The module NikePolyline.py contains the visual representation of each activity stored by the application shown in OpenStreetMap. The reason for placing it in a separate module stems from the fact that the activities module already contained a sizable amount of data, and the aim was to streamline it and reduce bloat. The module NikeNotification.py contains the notifications that the application sends.

The module adidasGoals.py extracts data related to the user-defined goals inside Adidas Running. Lastly, although the output delivered by the StravaGPS.py module is similar to the Activities modules, its approach is entirely different as it extracts data from FIT files.

8. Conclusions

In this work, we developed a post mortem forensic analysis of six popular fitness applications for Android focusing on outdoor running: Adidas Running, MapMyWalk, Nike Run Club, Pumatrac, Runkeeper and Strava. We resorted to a rooted Android smartphone and a Garmin Vivosmart 4 smart band to generate, collect and analyze data in search of meaningful forensic artifacts.

As all applications were similar in nature and structure, we focused on one application—NikeRunClub—and then used the process and knowledge learned to adapt the analysis methodology to the other applications.

The NikeRunClub application stores forensically meaningful data—activities, GPS coordinates and account data—in SQLite 3 databases in its private directory, mainly in the databases directory. Related work has already demonstrated the high value of accessing data from applications that track running workouts as they frequently merge locations with date/time. These can yield critical proof for refuting or, on the contrary, confirming someone’s alibi.

We analyzed the remaining applications based on NikeRunClub and, by using the same methods, we acquired similar information in their respective files. The main findings are as follows:

-

The applications do not store data in their public directory. The exception is Strava.

-

Workout activities are stored in SQLite 3 databases, with the most significant forensic data being GPS coordinates, timestamps and duration. Strava is again the exception, resorting to the FIT file format to store workouts.

-

The format for GPS coordinates depends on the applications, with some encoding geolocation coordinates using the polyline format and others relying on a text-based pair of latitude/longitude values.

-

User’s account data are often stored in a database, although they can also be in XML format in the shared_prefs folder.

To decode FIT files, we developed the decode_FIT Python script. It extracts activity data and formats them for rendering on an OpenStreetMap map or generates a KMZ file for visualization in Google Earth. Additionally, we created a set of modules for the ALEAPP framework to parse application data and generate a case report for streamlined data interpretation. We further enhanced the ALEAPP report with a new timeline feature, previously incorporated into the ALEAPP repository. As ALEAPP is integrated with the Windows version of the Autopsy forensic software, our modules will also be seamlessly incorporated into this forensic application.

As future work, we plan to assess the privacy and security features of the applications, analyzing the data collected and sent to their respective cloud servers.

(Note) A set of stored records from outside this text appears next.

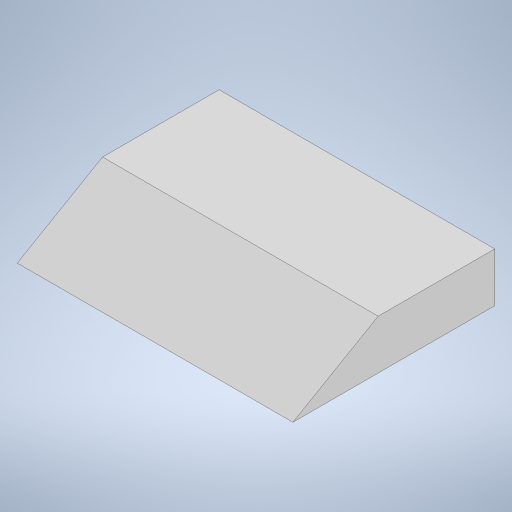
# Autodesk Inventor part: Base
Saved by Autodesk Inventor 2023 (Build 270158000, 158)
## iProperties
Created: 2024-03-02
Part Number: Base
Material: Generic
Document SubType Name: Modeling
Designer: LENOVO
Density: 1 g/cm^3
Appearance: Default
Author: LENOVO
Autodesk Inventor part; units mm, degrees
ref_plane "YZ Plane" through (0, 0, 0) normal (1, 0, 0) x (0, 1, 0)
ref_plane "XZ Plane" through (0, 0, 0) normal (0, 1, 0) x (-1, 0, 0)
ref_plane "XY Plane" through (0, 0, 0) normal (0, 0, 1) x (1, 0, 0)
sketch "Sketch1" plane through (0, 0, 0) normal (0, 1, 0) x (-1, 0, 0)
  line L0 (0, 0) -> (-280, 0)
  line L1 (-280, 0) -> (-280, -205)
  line L2 (-280, -205) -> (0, -205)
  line L3 (0, -205) -> (0, 0)
  dimension "d0" = 280
  dimension "d1" = 205
  constraints: 8 end point, 2 parallel, 1 horizontal, 1 perpendicular
  measures "d0" distance of L2.end L1.end
  measures "d1" distance of L1.end L0.end
extrude "Extrusion1" add sketch "Sketch1" along normal blind 50
sketch "Sketch2" plane through (280, 0, 0) normal (1, 0, 0) x (0, 0, -1)
  line L0 (0, 0) -> (205, 0) projected
  line L1 (0, 0) -> (86.6025, 50)
  line L2 (0, 50) -> (205, 50) projected
  line L3 (0, 0) -> (0, 50) projected
  line L4 (86.6025, 50) -> (0, 50)
  line L5 (0, 50) -> (0, 0)
  dimension "d4" = 100
  constraints: 6 end point, 2 perpendicular, 1 point on line
  measures "d4" distance of L0.start L1.end
extrude "Extrusion2" cut sketch "Sketch2" against normal blind 280
body "Solid1"
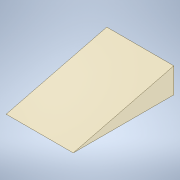
# Autodesk Inventor part: roof
Saved by Autodesk Inventor 2021.1 (Build 251245000, 245)
## iProperties
Created: 2020-03-27
Part Number: roof
Material: PET Plastic
Document SubType Name: Modeling
Designer: robst
Density: 1.541 g/cm^3
Appearance: Light Beige
Author: robst
Autodesk Inventor part; units mm, degrees
ref_plane "YZ Plane" through (0, 0, 0) normal (1, 0, 0) x (0, 1, 0)
ref_plane "XZ Plane" through (0, 0, 0) normal (0, 1, 0) x (-1, 0, 0)
ref_plane "XY Plane" through (0, 0, 0) normal (0, 0, 1) x (1, 0, 0)
sketch "Sketch1" plane through (0, 0, 0) normal (1, 0, 0) x (0, 1, 0)
  line L0 (0, 0) -> (914.4, 0)
  line L1 (914.4, 0) -> (0, 3657.6)
  line L2 (0, 3657.6) -> (0, 0)
  line L3 (914.4, 0) -> (2396.8282, -1624.8847)
  line L4 (2396.8282, -1624.8847) -> (914.4, -1624.8847)
  line L5 (914.4, -1624.8847) -> (914.4, 0)
  line L6 (0, 0) -> (0, -1624.8847)
  line L7 (0, -1624.8847) -> (914.4, -1624.8847)
  dimension "rise" = 914.4
  dimension "run" = 3657.6
  dimension "roofAngle" = 14.036
  constraints: 16 end point, 2 horizontal, 2 perpendicular, 2 vertical
  measures "rise" distance of L0.start L0.end
  measures "run" distance of L1.end L0.start
  measures "roofAngle" angle of L1 L2
extrude "Extrusion1" add sketch "Sketch1" along normal mid plane 2438.4 contours L2 L1 L0
body "Solid1"

For this purpose, one needs to resort to dynamic analysis techniques of mobile applications, intercepting and analyzing the HTTPS traffic between applications and their cloud servers, to decode and map their APIs [34]. Another task for future work is to assess the performance of our methodologies, looking for possible optimization. Finally, we also plan to analyze the iOS version of the studied applications and see if the same or even more data can be obtained so that we can adapt our ALEAPP modules to the iOS Logs, Events, And Plists Parser (iLEAPP) framework focused on, which is similar to ALEAPP but focused on iOS applications.